# Rogers Internet Stick and Mac OS X



## Jarooda (Jul 18, 2006)

Anybody using Rogers Mobile Internet Stick with their Mac?

Is it any good and does it let you use all internet functions like WoW and skype and such?

Any tips or opinions would be greatly appreciated.


----------



## Sniper4u (Jun 25, 2008)

ATT has announce that they will be allowing teething on their network for an added price. No start date has been anounced. This means that Nullriver may be returning. Canada does not have a teethering restriction. Don't know if you can wait but if you can you might want to. That way you don't have to sign up to another contract. You can just use your alloted cell data package. That's what I am waiting for. I missed out the few hours it was available.


----------



## chas_m (Dec 2, 2007)

Sniper4u said:


> ATT has announce that they will be allowing *teething* on their network for an added price.


Oh dear gawd I laughed until tears were running down my face.

Please, won't you contribute to the EhMac Fund to Stop Hilarious Misspellings?


----------



## switch (Mar 17, 2004)

Haven't used it, but because it works like a cell phone data plan you pretty much pay per use. You can get a $30 flex plan that gives you 500mb, then when you exceed that it bumps you to a $35 plan that gives you 1Gb and so on. Not a great solution for using it as your main internet connection.


----------



## Sniper4u (Jun 25, 2008)

chas_m said:


> Oh dear gawd I laughed until tears were running down my face.
> 
> Please, won't you contribute to the EhMac Fund to Stop Hilarious Misspellings?

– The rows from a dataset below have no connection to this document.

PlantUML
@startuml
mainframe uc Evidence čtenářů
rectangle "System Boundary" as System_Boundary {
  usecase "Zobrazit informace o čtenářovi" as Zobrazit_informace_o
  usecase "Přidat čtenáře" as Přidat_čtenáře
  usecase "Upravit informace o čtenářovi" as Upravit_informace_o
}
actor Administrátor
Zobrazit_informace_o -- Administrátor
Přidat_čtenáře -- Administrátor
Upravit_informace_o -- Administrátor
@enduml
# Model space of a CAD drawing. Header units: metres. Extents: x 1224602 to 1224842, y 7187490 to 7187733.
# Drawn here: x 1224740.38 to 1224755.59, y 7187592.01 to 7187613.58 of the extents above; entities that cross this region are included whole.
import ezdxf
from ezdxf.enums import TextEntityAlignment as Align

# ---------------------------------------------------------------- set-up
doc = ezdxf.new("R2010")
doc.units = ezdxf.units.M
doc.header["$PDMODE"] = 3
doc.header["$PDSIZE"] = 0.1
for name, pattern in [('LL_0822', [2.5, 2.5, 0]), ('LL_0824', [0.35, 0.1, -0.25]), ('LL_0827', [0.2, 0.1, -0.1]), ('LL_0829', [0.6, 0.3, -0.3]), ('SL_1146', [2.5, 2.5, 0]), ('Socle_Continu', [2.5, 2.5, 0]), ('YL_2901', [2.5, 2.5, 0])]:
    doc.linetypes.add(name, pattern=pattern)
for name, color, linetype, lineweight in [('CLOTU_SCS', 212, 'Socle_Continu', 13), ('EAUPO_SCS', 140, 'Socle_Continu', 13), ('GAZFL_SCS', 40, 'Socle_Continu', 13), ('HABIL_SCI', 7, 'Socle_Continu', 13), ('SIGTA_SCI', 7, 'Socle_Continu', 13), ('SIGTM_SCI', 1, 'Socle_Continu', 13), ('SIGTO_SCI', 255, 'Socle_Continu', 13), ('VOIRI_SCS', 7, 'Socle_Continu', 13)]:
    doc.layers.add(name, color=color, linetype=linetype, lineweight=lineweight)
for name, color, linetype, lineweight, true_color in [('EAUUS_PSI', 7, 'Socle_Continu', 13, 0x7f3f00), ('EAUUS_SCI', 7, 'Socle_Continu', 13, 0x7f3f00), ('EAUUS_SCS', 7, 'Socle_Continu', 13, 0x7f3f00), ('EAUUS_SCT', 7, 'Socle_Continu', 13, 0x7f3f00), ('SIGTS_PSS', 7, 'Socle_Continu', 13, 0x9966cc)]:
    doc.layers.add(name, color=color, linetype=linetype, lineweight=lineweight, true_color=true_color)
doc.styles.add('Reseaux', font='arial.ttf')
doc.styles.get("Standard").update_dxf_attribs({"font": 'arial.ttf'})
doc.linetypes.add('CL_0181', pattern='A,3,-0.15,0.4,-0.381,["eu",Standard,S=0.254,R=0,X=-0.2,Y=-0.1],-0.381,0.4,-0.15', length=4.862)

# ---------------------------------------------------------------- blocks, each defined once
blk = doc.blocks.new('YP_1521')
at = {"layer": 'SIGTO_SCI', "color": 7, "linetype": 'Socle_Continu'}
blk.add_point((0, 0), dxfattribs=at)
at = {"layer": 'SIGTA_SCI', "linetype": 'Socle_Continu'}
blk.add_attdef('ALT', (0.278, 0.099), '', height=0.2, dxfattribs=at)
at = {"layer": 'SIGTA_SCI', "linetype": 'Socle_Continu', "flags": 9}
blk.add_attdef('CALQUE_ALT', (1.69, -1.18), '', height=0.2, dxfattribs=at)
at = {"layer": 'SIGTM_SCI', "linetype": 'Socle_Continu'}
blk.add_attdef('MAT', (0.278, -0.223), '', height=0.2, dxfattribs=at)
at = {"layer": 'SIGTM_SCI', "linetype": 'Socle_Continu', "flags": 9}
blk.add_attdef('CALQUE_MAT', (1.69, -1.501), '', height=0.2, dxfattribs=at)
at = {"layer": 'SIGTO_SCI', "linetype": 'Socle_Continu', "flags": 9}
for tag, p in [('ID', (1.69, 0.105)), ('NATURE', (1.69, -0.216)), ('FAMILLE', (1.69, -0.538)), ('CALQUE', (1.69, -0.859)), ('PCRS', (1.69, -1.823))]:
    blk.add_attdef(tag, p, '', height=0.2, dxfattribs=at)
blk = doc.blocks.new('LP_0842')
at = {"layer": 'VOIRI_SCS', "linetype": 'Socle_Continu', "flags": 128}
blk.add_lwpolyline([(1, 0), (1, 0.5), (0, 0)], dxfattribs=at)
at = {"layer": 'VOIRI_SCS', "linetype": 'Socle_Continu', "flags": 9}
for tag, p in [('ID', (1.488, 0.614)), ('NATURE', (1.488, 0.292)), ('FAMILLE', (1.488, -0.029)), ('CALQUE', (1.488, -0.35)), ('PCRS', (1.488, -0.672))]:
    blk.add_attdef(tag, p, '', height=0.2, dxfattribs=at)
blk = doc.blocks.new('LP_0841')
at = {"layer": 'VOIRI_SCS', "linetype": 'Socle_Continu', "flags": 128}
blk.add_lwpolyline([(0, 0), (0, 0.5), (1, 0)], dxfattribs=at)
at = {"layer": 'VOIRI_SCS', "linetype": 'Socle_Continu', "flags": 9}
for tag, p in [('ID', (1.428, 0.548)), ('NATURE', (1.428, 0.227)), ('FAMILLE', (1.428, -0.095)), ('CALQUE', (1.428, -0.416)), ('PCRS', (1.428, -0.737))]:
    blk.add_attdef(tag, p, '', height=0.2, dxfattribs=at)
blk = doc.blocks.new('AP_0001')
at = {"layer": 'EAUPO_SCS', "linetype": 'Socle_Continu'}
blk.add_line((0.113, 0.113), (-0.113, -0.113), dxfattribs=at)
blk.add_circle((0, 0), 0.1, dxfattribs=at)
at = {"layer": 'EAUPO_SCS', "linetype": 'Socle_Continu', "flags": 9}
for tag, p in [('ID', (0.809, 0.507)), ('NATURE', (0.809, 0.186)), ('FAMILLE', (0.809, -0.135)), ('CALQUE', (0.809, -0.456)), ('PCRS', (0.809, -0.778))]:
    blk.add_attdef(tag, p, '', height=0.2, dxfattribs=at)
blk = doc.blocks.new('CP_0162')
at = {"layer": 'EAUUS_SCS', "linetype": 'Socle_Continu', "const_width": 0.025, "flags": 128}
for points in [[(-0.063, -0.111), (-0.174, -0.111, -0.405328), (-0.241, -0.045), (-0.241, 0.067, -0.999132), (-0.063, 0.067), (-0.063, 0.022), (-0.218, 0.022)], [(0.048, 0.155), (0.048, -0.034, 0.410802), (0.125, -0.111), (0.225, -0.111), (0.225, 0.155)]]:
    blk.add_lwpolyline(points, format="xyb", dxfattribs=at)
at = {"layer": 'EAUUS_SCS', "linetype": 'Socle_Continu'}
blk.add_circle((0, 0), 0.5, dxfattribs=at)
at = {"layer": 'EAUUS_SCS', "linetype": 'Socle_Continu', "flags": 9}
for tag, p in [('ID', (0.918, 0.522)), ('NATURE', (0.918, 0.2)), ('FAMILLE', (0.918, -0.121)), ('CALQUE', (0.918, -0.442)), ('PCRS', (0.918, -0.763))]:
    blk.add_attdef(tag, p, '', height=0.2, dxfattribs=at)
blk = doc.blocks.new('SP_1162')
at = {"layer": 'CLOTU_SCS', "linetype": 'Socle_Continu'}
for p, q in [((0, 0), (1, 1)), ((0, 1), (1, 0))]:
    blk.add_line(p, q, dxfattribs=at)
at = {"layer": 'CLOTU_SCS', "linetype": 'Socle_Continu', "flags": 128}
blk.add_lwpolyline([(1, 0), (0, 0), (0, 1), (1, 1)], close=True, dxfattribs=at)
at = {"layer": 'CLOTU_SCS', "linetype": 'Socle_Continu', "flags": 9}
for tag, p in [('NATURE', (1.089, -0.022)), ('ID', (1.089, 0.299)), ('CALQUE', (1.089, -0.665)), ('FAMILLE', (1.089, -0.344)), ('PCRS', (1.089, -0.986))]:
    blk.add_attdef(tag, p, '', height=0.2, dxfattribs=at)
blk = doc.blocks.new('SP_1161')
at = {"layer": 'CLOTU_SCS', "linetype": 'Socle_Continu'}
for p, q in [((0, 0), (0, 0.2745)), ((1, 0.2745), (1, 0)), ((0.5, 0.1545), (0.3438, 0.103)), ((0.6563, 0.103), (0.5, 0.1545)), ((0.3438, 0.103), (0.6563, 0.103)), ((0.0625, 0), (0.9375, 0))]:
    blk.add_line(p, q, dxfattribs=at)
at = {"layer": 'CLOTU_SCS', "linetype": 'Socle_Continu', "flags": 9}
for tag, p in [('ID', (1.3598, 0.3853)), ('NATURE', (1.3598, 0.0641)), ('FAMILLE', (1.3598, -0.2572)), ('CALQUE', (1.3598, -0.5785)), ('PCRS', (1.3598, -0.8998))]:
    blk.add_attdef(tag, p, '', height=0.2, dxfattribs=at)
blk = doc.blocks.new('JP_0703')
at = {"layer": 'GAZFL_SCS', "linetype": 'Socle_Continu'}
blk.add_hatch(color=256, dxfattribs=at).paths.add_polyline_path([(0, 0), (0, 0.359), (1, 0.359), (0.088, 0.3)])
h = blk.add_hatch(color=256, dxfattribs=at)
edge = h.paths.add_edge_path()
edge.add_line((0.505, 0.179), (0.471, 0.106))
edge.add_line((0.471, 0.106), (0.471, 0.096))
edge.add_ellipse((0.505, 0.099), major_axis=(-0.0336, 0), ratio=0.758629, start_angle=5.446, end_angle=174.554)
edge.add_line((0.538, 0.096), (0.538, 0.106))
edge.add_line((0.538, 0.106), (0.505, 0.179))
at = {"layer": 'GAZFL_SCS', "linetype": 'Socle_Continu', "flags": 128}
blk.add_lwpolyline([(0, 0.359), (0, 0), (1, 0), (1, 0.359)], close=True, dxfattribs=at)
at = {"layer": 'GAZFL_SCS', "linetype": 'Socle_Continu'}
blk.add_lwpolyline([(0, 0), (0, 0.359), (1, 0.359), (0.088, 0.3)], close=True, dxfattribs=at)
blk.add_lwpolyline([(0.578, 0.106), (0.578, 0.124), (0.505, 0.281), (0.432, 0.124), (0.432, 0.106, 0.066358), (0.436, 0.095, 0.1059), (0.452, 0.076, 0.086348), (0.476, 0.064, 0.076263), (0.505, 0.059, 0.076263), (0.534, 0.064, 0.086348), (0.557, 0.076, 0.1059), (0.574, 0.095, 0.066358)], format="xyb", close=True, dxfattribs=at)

Lol. I really should read what I write. AT&T has announced they will allow tethering in the near future. Brain freeze.


----------



## Sniper4u (Jun 25, 2008)

There is one other option besides using a phone as a modem or usb stick. If you are using your laptop in a wimax area you can get better speeds using that. There is a downside and and upside to that. You need an elctrical plug to use the wimax but I know of people that use a vehicle converter to power the wimax and keep their laptops charged at the same time. All depends on how you are using it.


----------



## PierreB (Mar 5, 2007)

*works fine*



Jarooda said:


> Anybody using Rogers Mobile Internet Stick with their Mac?
> 
> Is it any good and does it let you use all internet functions like WoW and skype and such?
> 
> Any tips or opinions would be greatly appreciated.


I am using the Fido one - likely the same as Rogers Mobile. 

Works fine - decent speed and have used Skype and it works well.


----------



## ..........? (Dec 25, 2005)

Sniper4u said:


> There is one other option besides using a phone as a modem or usb stick. If you are using your laptop in a wimax area you can get better speeds using that. There is a downside and and upside to that. You need an elctrical plug to use the wimax but I know of people that use a vehicle converter to power the wimax and keep their laptops charged at the same time. All depends on how you are using it.


do you mean the portable internet service from rogers or unplugged from bell that comes with a modem that only needs to be plug in. I have used that and it is quite good. You get better speed from this service than from the usb stick since the usb stick is 3G and right now roger's 3g network is so overloaded with all the iphones and other new 3G device that it quite slow compare to what most people have at home(cable or dsl internet). Not a good choice for people who want it as the only internet choice. get the stick if and only if portability away from a plug is VERY IMPORTANT.


----------



## sergeg1 (Sep 22, 2005)

I had used Rogers 3G stick for ONE day only and found it to be like going back to dial-up days, so the next day I returned it. This was about 2 weeks before the iPhone came out last summer.

now if we could get tethering for the iPhone that would be cool. And no, I am not about to unlock the phone.


----------



## dona83 (Jun 26, 2005)

Can you guys go to Speakeasy - Speed Test and test and post your connection speeds? I know Rogers offers up to 7.2 MBps, I want to see what their real world speeds are like.


----------